### Listed records:

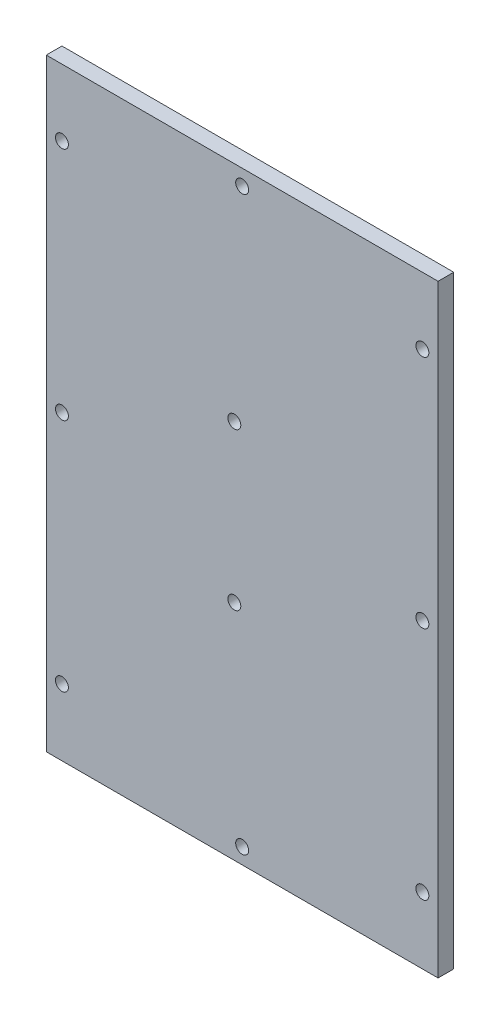
ISO-10303-21;
HEADER;
FILE_DESCRIPTION(('STEP AP214'),'2;1');
FILE_NAME('part.step','',(''),(''),'','','');
FILE_SCHEMA(('AUTOMOTIVE_DESIGN { 1 0 10303 214 1 1 1 1 }'));
ENDSEC;
DATA;
#1=APPLICATION_CONTEXT('core data for automotive mechanical design processes');
#2=APPLICATION_PROTOCOL_DEFINITION('international standard','automotive_design',2000,#1);
#3=PRODUCT_CONTEXT('',#1,'mechanical');
#4=PRODUCT('Part','Part','',(#3));
#5=PRODUCT_RELATED_PRODUCT_CATEGORY('part','',(#4));
#6=PRODUCT_DEFINITION_FORMATION('','',#4);
#7=PRODUCT_DEFINITION_CONTEXT('part definition',#1,'design');
#8=PRODUCT_DEFINITION('design','',#6,#7);
#9=PRODUCT_DEFINITION_SHAPE('','',#8);
#10=(LENGTH_UNIT() NAMED_UNIT(*) SI_UNIT(.MILLI.,.METRE.));
#11=(NAMED_UNIT(*) PLANE_ANGLE_UNIT() SI_UNIT($,.RADIAN.));
#12=(NAMED_UNIT(*) SI_UNIT($,.STERADIAN.) SOLID_ANGLE_UNIT());
#13=UNCERTAINTY_MEASURE_WITH_UNIT(LENGTH_MEASURE(1.E-05),#10,'distance_accuracy_value','');
#14=(GEOMETRIC_REPRESENTATION_CONTEXT(3) GLOBAL_UNCERTAINTY_ASSIGNED_CONTEXT((#13)) GLOBAL_UNIT_ASSIGNED_CONTEXT((#10,
#11,#12)) REPRESENTATION_CONTEXT('',''));
#15=CARTESIAN_POINT('',(0.,0.,0.));
#16=DIRECTION('',(0.,0.,1.));
#17=DIRECTION('',(1.,0.,0.));
#18=AXIS2_PLACEMENT_3D('',#15,#16,#17);
#19=CARTESIAN_POINT('',(-3.99999999999999,77.,4.));
#20=DIRECTION('',(0.,0.,-1.));
#21=DIRECTION('',(-1.,0.,0.));
#22=AXIS2_PLACEMENT_3D('',#19,#20,#21);
#23=CYLINDRICAL_SURFACE('',#22,1.65);
#24=CARTESIAN_POINT('',(-3.99999999999999,77.,4.));
#25=DIRECTION('',(0.,0.,-1.));
#26=DIRECTION('',(-1.,0.,0.));
#27=AXIS2_PLACEMENT_3D('',#24,#25,#26);
#28=CIRCLE('',#27,1.65);
#29=CARTESIAN_POINT('',(-5.64999999999999,77.,4.));
#30=VERTEX_POINT('',#29);
#31=EDGE_CURVE('E115',#30,#30,#28,.T.);
#32=ORIENTED_EDGE('',*,*,#31,.F.);
#33=EDGE_LOOP('',(#32));
#34=FACE_BOUND('',#33,.T.);
#35=CARTESIAN_POINT('',(-3.99999999999999,77.,1.5));
#36=DIRECTION('',(0.,0.,-1.));
#37=DIRECTION('',(-1.,0.,0.));
#38=AXIS2_PLACEMENT_3D('',#35,#36,#37);
#39=CIRCLE('',#38,1.65);
#40=CARTESIAN_POINT('',(-5.64999999999999,77.,1.5));
#41=VERTEX_POINT('',#40);
#42=EDGE_CURVE('E43',#41,#41,#39,.F.);
#43=ORIENTED_EDGE('',*,*,#42,.F.);
#44=EDGE_LOOP('',(#43));
#45=FACE_BOUND('',#44,.T.);
#46=ADVANCED_FACE('F39',(#34,#45),#23,.F.);
#47=CARTESIAN_POINT('',(-96.,17.,4.));
#48=DIRECTION('',(0.,0.,-1.));
#49=DIRECTION('',(-1.,0.,0.));
#50=AXIS2_PLACEMENT_3D('',#47,#48,#49);
#51=CYLINDRICAL_SURFACE('',#50,1.65);
#52=CARTESIAN_POINT('',(-96.,17.,4.));
#53=DIRECTION('',(0.,0.,-1.));
#54=DIRECTION('',(-1.,0.,0.));
#55=AXIS2_PLACEMENT_3D('',#52,#53,#54);
#56=CIRCLE('',#55,1.65);
#57=CARTESIAN_POINT('',(-97.65,17.,4.));
#58=VERTEX_POINT('',#57);
#59=EDGE_CURVE('E176',#58,#58,#56,.T.);
#60=ORIENTED_EDGE('',*,*,#59,.F.);
#61=EDGE_LOOP('',(#60));
#62=FACE_BOUND('',#61,.T.);
#63=CARTESIAN_POINT('',(-96.,17.,1.5));
#64=DIRECTION('',(0.,0.,-1.));
#65=DIRECTION('',(-1.,0.,0.));
#66=AXIS2_PLACEMENT_3D('',#63,#64,#65);
#67=CIRCLE('',#66,1.65);
#68=CARTESIAN_POINT('',(-97.65,17.,1.5));
#69=VERTEX_POINT('',#68);
#70=EDGE_CURVE('E145',#69,#69,#67,.F.);
#71=ORIENTED_EDGE('',*,*,#70,.F.);
#72=EDGE_LOOP('',(#71));
#73=FACE_BOUND('',#72,.T.);
#74=ADVANCED_FACE('F203',(#62,#73),#51,.F.);
#75=CARTESIAN_POINT('',(-52.,97.,4.));
#76=DIRECTION('',(0.,0.,-1.));
#77=DIRECTION('',(-1.,0.,0.));
#78=AXIS2_PLACEMENT_3D('',#75,#76,#77);
#79=CYLINDRICAL_SURFACE('',#78,1.65);
#80=CARTESIAN_POINT('',(-52.,97.,4.));
#81=DIRECTION('',(0.,0.,-1.));
#82=DIRECTION('',(-1.,0.,0.));
#83=AXIS2_PLACEMENT_3D('',#80,#81,#82);
#84=CIRCLE('',#83,1.65);
#85=CARTESIAN_POINT('',(-53.65,97.,4.));
#86=VERTEX_POINT('',#85);
#87=EDGE_CURVE('E175',#86,#86,#84,.T.);
#88=ORIENTED_EDGE('',*,*,#87,.F.);
#89=EDGE_LOOP('',(#88));
#90=FACE_BOUND('',#89,.T.);
#91=CARTESIAN_POINT('',(-52.,97.,1.5));
#92=DIRECTION('',(0.,0.,-1.));
#93=DIRECTION('',(-1.,0.,0.));
#94=AXIS2_PLACEMENT_3D('',#91,#92,#93);
#95=CIRCLE('',#94,1.65);
#96=CARTESIAN_POINT('',(-53.65,97.,1.5));
#97=VERTEX_POINT('',#96);
#98=EDGE_CURVE('E142',#97,#97,#95,.F.);
#99=ORIENTED_EDGE('',*,*,#98,.F.);
#100=EDGE_LOOP('',(#99));
#101=FACE_BOUND('',#100,.T.);
#102=ADVANCED_FACE('F210',(#90,#101),#79,.F.);
#103=CARTESIAN_POINT('',(-52.,57.,4.));
#104=DIRECTION('',(0.,0.,-1.));
#105=DIRECTION('',(-1.,0.,0.));
#106=AXIS2_PLACEMENT_3D('',#103,#104,#105);
#107=CYLINDRICAL_SURFACE('',#106,1.65);
#108=CARTESIAN_POINT('',(-52.,57.,4.));
#109=DIRECTION('',(0.,0.,-1.));
#110=DIRECTION('',(-1.,0.,0.));
#111=AXIS2_PLACEMENT_3D('',#108,#109,#110);
#112=CIRCLE('',#111,1.65);
#113=CARTESIAN_POINT('',(-53.65,57.,4.));
#114=VERTEX_POINT('',#113);
#115=EDGE_CURVE('E166',#114,#114,#112,.T.);
#116=ORIENTED_EDGE('',*,*,#115,.F.);
#117=EDGE_LOOP('',(#116));
#118=FACE_BOUND('',#117,.T.);
#119=CARTESIAN_POINT('',(-52.,57.,1.5));
#120=DIRECTION('',(0.,0.,-1.));
#121=DIRECTION('',(-1.,0.,0.));
#122=AXIS2_PLACEMENT_3D('',#119,#120,#121);
#123=CIRCLE('',#122,1.65);
#124=CARTESIAN_POINT('',(-53.65,57.,1.5));
#125=VERTEX_POINT('',#124);
#126=EDGE_CURVE('E137',#125,#125,#123,.F.);
#127=ORIENTED_EDGE('',*,*,#126,.F.);
#128=EDGE_LOOP('',(#127));
#129=FACE_BOUND('',#128,.T.);
#130=ADVANCED_FACE('F301',(#118,#129),#107,.F.);
#131=CARTESIAN_POINT('',(-50.,4.,4.));
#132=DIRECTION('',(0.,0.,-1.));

### Task requirements:
The word "CIRCLE" appears in some of the lines above. Copy those lines.

### Task output:
#28=CIRCLE('',#27,1.65);
#39=CIRCLE('',#38,1.65);
#56=CIRCLE('',#55,1.65);
#67=CIRCLE('',#66,1.65);
#84=CIRCLE('',#83,1.65);
#95=CIRCLE('',#94,1.65);
#112=CIRCLE('',#111,1.65);
#123=CIRCLE('',#122,1.65);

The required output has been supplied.